Hospital Foundation Trusts, with their layers of governance, are both independent and not independent of the NHS and DHSC at the same time. In 2003, NHS Foundation Trusts were “established in law as new legally independent organisations called Public Benefit Corporations.” The Boards were to “be made up of local people, patients and carers and staff.” Has anyone investigated whether this local democracy is worthwhile or whether it just distracts the CEOs from running their hospitals? The 2012 Act encouraged all Hospital Trusts to shift to Foundation status but one third have not done so. The current Bill affirms all this, stopping NHS England from limiting Foundation Trust capital, but not revenue, spending if NHS England thinks the Foundation Trust is about to spend more than its fair share of ICS capital money.
Many of the changes in this long and complex Bill are to be applauded, notably those which tidy up the 2012 Act. No doubt there will be another before long as a future Secretary of State makes his mark. As one wit put it “What changes all the time but stays the same? The NHS.” The central issue of this Bill is the redistribution of responsibility. We all know who will take the credit or blame when things go right or wrong. Do we really want a politician, without relevant experience and changing with every reshuffle and election, to direct NHS England rather than a seasoned executive from that sector?

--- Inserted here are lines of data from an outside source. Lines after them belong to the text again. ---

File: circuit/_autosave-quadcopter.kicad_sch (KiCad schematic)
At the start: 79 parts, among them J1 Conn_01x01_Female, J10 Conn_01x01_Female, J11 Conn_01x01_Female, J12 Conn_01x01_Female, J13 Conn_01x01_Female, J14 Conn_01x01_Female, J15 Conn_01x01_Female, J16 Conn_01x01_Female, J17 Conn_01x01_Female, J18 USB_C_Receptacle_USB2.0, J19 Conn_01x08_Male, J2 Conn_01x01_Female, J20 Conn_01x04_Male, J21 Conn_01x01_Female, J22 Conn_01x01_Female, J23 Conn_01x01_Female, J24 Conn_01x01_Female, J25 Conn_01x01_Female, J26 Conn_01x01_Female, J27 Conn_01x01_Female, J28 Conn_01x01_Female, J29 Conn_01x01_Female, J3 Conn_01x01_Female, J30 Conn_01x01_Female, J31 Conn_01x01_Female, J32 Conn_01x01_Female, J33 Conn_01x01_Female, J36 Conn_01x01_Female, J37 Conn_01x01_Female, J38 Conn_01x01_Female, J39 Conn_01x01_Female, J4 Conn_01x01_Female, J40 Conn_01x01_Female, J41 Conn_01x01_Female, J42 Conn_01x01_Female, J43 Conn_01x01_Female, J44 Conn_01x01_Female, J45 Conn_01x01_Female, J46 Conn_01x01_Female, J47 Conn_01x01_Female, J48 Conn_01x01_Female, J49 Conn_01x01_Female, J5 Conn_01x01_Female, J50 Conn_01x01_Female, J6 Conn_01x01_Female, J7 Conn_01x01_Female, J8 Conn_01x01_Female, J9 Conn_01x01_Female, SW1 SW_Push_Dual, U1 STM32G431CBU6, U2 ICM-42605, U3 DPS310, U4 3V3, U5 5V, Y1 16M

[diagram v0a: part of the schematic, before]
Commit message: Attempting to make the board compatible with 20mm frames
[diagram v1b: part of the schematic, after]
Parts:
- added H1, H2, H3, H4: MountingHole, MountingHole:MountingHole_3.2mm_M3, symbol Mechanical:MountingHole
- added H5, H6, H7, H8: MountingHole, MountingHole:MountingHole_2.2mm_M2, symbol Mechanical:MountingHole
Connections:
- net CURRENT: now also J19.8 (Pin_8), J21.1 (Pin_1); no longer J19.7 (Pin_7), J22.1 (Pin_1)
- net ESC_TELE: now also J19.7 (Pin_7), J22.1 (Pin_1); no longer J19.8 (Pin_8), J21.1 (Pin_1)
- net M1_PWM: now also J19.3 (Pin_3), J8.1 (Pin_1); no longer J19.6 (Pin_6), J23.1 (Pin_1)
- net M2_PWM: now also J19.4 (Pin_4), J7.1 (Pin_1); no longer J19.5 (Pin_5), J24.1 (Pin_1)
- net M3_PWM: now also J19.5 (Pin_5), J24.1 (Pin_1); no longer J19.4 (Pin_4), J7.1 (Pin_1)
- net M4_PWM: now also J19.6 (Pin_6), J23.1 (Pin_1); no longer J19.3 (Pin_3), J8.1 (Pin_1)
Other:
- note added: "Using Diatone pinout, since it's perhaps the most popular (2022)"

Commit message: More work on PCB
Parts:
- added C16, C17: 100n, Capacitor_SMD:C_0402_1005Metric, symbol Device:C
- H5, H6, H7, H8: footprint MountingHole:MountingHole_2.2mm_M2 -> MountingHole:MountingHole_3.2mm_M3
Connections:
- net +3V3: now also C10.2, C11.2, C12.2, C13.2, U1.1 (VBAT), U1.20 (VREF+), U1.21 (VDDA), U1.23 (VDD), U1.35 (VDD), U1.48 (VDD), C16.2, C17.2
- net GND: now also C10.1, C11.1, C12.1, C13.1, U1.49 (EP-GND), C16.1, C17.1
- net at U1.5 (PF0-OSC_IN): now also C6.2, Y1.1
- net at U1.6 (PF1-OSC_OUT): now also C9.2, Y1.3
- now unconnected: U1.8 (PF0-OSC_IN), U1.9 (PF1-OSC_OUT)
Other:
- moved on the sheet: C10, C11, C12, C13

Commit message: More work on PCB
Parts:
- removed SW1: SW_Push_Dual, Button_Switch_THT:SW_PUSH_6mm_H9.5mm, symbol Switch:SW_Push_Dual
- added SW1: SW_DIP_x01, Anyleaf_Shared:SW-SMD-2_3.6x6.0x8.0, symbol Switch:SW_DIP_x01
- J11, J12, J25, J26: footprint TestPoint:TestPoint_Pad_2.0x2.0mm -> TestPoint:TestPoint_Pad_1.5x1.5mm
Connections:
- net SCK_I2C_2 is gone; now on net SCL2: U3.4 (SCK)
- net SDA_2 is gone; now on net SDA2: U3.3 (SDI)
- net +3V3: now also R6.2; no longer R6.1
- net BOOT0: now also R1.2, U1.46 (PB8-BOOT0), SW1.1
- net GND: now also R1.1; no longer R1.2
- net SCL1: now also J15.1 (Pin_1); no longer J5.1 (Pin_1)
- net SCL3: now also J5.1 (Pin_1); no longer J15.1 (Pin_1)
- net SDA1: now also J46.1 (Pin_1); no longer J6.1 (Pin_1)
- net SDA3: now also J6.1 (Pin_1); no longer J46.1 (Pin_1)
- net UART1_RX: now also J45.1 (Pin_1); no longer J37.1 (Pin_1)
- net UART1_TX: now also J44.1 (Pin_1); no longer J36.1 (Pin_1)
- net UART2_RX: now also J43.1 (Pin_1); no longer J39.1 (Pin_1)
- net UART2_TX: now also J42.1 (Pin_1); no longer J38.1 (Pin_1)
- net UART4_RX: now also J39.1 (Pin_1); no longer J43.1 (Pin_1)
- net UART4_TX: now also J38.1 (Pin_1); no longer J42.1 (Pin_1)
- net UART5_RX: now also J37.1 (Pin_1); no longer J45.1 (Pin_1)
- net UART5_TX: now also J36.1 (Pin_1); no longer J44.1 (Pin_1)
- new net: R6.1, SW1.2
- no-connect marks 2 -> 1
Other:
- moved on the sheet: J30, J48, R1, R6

Now look at it with the perspective of an incoming CEO once this Bill is enacted. On paper, one has charge of the largest organisation in the UK, 1.5M people, and the fifth largest in the world. As the staff are now civil servants, you do not set the wages nor even negotiate them. The 2019/20 NHS England budget was £139 billion and the Trusts, mostly Foundation Trusts, had £92 billion of that. But they do not report to you. GPs’ surgeries cost about £13 billion, and probably should be double that, but GPs do not report to you either. The only parts of NHS England that do report to you are the parts that do not actually treat or cure people.
The DHSC has 14 arm’s length bodies apart from NHS England, though they come and go so fast it is hard to keep track. The new Bill gives powers to the Secretary of State to change any of them whenever, but that is probably a good idea. Nowadays, IT is an integral part of any large organisation with the rare exception of NHS England. NHS Digital and NHS Business Services are separate arm’s length bodies reporting directly to the Secretary of State. No wonder major NHS IT initiatives have such a chequered history. Social care has no arm’s length bodies at all. These bodies will all keep the Secretary of State well versed on the NHS matters he can micro-manage, even when the media are quiet. ICSs will be taking care of dealing with all the people who actually need health care and they will be run by hospital Trusts, GPs and local authorities, none of whom answer to the NHS CEO. Overruled and unsupported, one has to question the wisdom of anyone who wants the job.